Extended Data Fig. 9. Single-cell RNA-Sequencing.

(a) Schematic of scRNA-Seq analyses and pseudotemporal ordering. Monotypic pseudoislets containing labeled human α- (“αGFP” or “αPM”) or β-cells (“βGFP”) were cultured for 1 week and sorted into single cells. Microfluidic device encapsulated each cell individually with a barcoded primer bead in a droplet. cDNA libraries were constructed and sequenced. In silico cell-lineage reconstruction during reprogramming was performed by pseudotime analysis, to dissect the reprogramming path/trajectory. αGFP and βGFP pseudoislets were analyzed as controls. (b) Gene expression of GCG and INS on t-SNE of single-cell transcriptomes from αGFP (n = 47), αPM (n = 434) and βGFP pseudoislets (n = 51) after 1-week-culture (related to Fig. 5a). (c) Cell clustering of αPM cells (n = 434) based on the state along pseudotime trajectory (related to Fig. 5b), showing 10 different states. Although 4 small branches were detected near the main path, most cells were distributed along main stem. (d) Gene expression of INS and GCG on pseudotime trajectory of αPM cells (related to Fig. 5b). (e) Cell distributions of pseudotime-based “early”, “mid” and “late” αPM cells on t-SNE map (related to Fig. 5f). (f) Kinetics of gene expression along pseudotime progression in αPM cells (n = 434) (related to Fig. 5e). (g) ARX expression in cell clusters from t-SNE and pseudotemporal ordering analysis.
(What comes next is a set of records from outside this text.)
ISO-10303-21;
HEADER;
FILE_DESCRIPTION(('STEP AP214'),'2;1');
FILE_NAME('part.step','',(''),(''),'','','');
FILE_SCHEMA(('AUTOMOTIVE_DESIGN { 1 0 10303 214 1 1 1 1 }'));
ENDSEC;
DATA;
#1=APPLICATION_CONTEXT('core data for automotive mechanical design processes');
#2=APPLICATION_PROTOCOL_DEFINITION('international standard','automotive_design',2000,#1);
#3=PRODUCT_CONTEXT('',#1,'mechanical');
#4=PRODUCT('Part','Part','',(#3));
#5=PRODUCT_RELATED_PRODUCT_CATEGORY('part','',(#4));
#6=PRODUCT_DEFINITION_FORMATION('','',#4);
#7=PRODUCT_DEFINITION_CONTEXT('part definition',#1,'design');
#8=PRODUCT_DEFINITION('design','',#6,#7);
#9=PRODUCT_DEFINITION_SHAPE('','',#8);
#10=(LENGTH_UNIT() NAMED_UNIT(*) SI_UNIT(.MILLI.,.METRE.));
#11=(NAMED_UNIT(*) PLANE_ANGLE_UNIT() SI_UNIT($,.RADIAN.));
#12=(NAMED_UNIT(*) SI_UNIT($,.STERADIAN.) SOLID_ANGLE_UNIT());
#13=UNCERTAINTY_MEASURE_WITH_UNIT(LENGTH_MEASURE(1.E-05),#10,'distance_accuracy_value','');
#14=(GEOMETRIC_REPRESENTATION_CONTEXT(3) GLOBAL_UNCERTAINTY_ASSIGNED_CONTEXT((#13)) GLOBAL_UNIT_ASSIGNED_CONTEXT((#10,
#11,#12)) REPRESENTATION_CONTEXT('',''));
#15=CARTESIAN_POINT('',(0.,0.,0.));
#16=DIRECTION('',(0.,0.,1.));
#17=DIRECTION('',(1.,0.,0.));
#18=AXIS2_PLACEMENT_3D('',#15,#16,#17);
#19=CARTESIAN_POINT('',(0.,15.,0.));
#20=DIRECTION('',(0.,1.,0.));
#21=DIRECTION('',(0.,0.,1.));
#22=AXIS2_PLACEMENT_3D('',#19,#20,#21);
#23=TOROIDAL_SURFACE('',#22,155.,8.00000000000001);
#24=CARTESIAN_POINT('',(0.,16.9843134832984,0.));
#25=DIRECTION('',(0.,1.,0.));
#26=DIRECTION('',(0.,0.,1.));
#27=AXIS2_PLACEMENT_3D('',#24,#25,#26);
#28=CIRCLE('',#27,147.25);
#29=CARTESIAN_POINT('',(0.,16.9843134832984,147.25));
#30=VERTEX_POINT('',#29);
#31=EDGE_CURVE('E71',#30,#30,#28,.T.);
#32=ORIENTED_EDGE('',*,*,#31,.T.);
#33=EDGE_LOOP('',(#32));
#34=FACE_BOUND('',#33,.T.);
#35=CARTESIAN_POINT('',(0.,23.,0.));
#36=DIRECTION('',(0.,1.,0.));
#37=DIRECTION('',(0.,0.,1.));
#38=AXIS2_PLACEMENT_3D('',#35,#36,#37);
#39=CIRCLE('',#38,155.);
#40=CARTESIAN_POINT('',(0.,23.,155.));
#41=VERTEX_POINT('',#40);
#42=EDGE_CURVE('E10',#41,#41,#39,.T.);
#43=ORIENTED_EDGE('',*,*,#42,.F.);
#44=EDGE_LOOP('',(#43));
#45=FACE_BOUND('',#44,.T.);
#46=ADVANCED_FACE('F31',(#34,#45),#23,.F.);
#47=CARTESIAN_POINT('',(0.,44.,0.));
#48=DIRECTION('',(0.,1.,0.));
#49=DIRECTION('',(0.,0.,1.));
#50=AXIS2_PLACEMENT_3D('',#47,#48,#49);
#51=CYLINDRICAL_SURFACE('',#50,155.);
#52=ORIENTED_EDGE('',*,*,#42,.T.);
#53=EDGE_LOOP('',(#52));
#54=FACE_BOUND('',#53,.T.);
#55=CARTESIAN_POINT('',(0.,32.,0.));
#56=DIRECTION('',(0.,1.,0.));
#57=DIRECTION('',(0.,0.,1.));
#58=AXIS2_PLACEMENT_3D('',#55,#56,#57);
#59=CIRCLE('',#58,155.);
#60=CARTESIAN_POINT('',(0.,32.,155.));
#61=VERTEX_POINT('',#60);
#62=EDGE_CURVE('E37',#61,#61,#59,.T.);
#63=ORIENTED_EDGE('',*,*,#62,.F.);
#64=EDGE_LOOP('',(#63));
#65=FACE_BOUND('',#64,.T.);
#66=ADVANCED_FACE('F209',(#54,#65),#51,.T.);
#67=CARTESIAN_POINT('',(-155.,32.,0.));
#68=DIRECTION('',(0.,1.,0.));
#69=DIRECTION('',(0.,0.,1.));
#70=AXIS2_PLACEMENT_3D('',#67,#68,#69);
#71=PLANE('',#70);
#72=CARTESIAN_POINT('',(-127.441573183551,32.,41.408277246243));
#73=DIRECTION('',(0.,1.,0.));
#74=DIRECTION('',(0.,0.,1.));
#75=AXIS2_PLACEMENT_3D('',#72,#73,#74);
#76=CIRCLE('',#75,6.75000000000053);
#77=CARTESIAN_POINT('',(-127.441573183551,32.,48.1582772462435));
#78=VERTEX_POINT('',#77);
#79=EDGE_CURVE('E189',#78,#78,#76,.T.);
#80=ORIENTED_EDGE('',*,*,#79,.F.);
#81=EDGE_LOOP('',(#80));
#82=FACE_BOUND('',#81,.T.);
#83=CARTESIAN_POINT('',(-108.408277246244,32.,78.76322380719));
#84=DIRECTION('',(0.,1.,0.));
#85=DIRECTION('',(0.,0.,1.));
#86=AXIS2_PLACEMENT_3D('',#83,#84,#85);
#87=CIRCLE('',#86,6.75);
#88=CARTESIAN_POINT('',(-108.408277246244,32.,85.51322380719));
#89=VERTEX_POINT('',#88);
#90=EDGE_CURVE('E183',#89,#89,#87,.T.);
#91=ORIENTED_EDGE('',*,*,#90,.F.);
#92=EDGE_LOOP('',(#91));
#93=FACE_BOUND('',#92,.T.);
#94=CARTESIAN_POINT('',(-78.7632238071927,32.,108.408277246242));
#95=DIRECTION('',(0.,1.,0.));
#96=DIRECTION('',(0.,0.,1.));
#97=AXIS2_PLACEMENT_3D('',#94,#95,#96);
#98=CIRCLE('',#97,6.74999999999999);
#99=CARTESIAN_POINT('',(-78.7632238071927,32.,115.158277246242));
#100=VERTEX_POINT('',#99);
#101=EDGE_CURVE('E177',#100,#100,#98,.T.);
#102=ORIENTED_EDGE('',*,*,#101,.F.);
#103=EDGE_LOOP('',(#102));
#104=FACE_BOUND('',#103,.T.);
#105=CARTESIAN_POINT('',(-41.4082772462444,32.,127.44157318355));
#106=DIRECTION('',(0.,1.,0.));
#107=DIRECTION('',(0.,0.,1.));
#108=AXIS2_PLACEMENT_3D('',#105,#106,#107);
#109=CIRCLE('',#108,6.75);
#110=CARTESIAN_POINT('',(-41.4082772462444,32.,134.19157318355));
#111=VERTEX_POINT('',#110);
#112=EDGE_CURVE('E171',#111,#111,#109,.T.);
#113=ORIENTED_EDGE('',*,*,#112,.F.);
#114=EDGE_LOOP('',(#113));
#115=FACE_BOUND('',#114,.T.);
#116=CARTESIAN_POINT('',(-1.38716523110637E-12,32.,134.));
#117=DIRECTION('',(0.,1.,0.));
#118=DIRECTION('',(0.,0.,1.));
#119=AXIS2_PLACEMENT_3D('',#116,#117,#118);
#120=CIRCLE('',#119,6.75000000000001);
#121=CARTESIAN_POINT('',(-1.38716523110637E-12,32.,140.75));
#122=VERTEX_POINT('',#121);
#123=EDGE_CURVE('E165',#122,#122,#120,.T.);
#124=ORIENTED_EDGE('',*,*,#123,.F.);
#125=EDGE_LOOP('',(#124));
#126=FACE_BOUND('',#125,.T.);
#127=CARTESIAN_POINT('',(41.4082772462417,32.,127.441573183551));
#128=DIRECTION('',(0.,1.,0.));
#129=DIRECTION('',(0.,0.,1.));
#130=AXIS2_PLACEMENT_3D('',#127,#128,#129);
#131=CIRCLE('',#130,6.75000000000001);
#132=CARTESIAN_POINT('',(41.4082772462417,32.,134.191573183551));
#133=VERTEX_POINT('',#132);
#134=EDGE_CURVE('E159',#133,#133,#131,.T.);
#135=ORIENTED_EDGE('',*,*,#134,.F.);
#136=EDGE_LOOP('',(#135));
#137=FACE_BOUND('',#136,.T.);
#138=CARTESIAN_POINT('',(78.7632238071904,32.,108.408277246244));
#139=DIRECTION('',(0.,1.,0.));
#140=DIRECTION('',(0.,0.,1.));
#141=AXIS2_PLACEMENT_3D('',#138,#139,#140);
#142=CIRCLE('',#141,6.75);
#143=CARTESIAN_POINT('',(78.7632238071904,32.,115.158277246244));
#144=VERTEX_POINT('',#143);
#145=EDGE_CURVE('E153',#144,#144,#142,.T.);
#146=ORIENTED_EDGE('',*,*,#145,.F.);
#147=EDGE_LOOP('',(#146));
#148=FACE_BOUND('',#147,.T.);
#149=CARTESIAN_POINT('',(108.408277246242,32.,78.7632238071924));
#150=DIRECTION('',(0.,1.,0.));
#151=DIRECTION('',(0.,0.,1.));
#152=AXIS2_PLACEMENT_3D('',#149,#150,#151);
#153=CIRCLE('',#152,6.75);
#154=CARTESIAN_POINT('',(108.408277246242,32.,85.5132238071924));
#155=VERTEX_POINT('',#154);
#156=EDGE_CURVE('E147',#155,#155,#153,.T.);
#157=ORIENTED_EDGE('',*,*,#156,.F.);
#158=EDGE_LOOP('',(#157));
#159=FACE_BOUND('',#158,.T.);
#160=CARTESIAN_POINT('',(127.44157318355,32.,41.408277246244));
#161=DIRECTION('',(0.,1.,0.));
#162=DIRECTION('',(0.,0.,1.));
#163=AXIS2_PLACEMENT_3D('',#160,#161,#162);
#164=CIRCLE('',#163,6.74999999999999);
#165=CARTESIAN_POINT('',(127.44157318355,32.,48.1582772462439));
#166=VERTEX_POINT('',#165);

Extended Data Fig. 10. Evaluation of the specificity and cytotoxic properties of CTL clones.

(a) Design of cytotoxic T lymphocyte (CTL) killing assays. As target cells, monotypic pseudoislets (αGFP, αPM, or βGFP) after 1–2 week culture were dissociated and labelled with chromium (⁵¹Cr). In some control conditions, islet cells were loaded with either DRiP or PPI peptide epitopes. Then, target cells were co-cultured with effector cells (CTLs), which were either CMV-directed (CMV: negative control clones), DRiP-directed (DRiP: targeting stressed β-cells), PPI-directed (PPI: recognizing preproinsulin), or alloreactive (HLA-A2: positive control) CTL clones at 3 different effector/target (E/T) ratios. DRiP and PPI CTLs are autoreactive T-cell clones derived from T1D patients. After 4h-coculture, the release of ⁵¹Cr from islet-cells was measured with γ-counter to calculate the specific cell-lysis. (See Extended Data Fig. 10 to validate the specific killing capability of CTL clones). (b) Schema of validation for CTLs. To evaluate the specificity and function of CTL clones, JY cells, Epstein-Barr virus (EBV)-immortalised B lymphoblastoid cell line (HLA class-I A2⁺), were used as target cells. As positive control groups, JY cells were loaded with either INS-DRiP_1–9 (DRiP) or preproinsulin (PPI) peptide epitope and labelled with chromium (⁵¹Cr). Then they were co-cultured with effector cells (CTLs), which is either CMV-directed (CMV), DRiP-directed (DRiP), PPI-directed (PPI), or alloreactive (HLA-A2) CTL clone. (b) CTL killing assay against JY cells. JY cells were killed by the alloreactive HLA-A2 CTLs, but not by CMV-directed CTL, β-cell-specific CTLs anti-PPI or anti-DRiP CTLs. When target cells were loaded with the PPI or DRiP peptide epitope, those JY cells were killed by the respective CTLs, confirming that the specific CTLs function and kill when they recognize their epitope. Each dot represents independent measurement from 3 independent experiments. ****p < 0.0001, one-way ANOVA with Holm-Sidak’s multiple comparisons test.

Supplementary Material

Supplementary Data 1

Representative immunostaining images with higher magnification of sorted α- or β-cells for INS/GCG/ SST/DAPI or INS/GCG/PPY /DAPI from 41 donors (related to Extended Data Fig. 1a).

Supplementary Data 2

Representative immunostaining of sorted α-cells for INS/GCG/SST from 41 donors (related to Extended Data Fig. 1a). The images were tile-scanned and merged. Scale bar: 250 μm.

Supplementary Data 3

Representative immunostaining of sorted β-cells for INS/GCG/SST from 42 donors (related to Extended Data Fig. 1a). The images were tile-scanned and merged. Scale bar: 250 μm.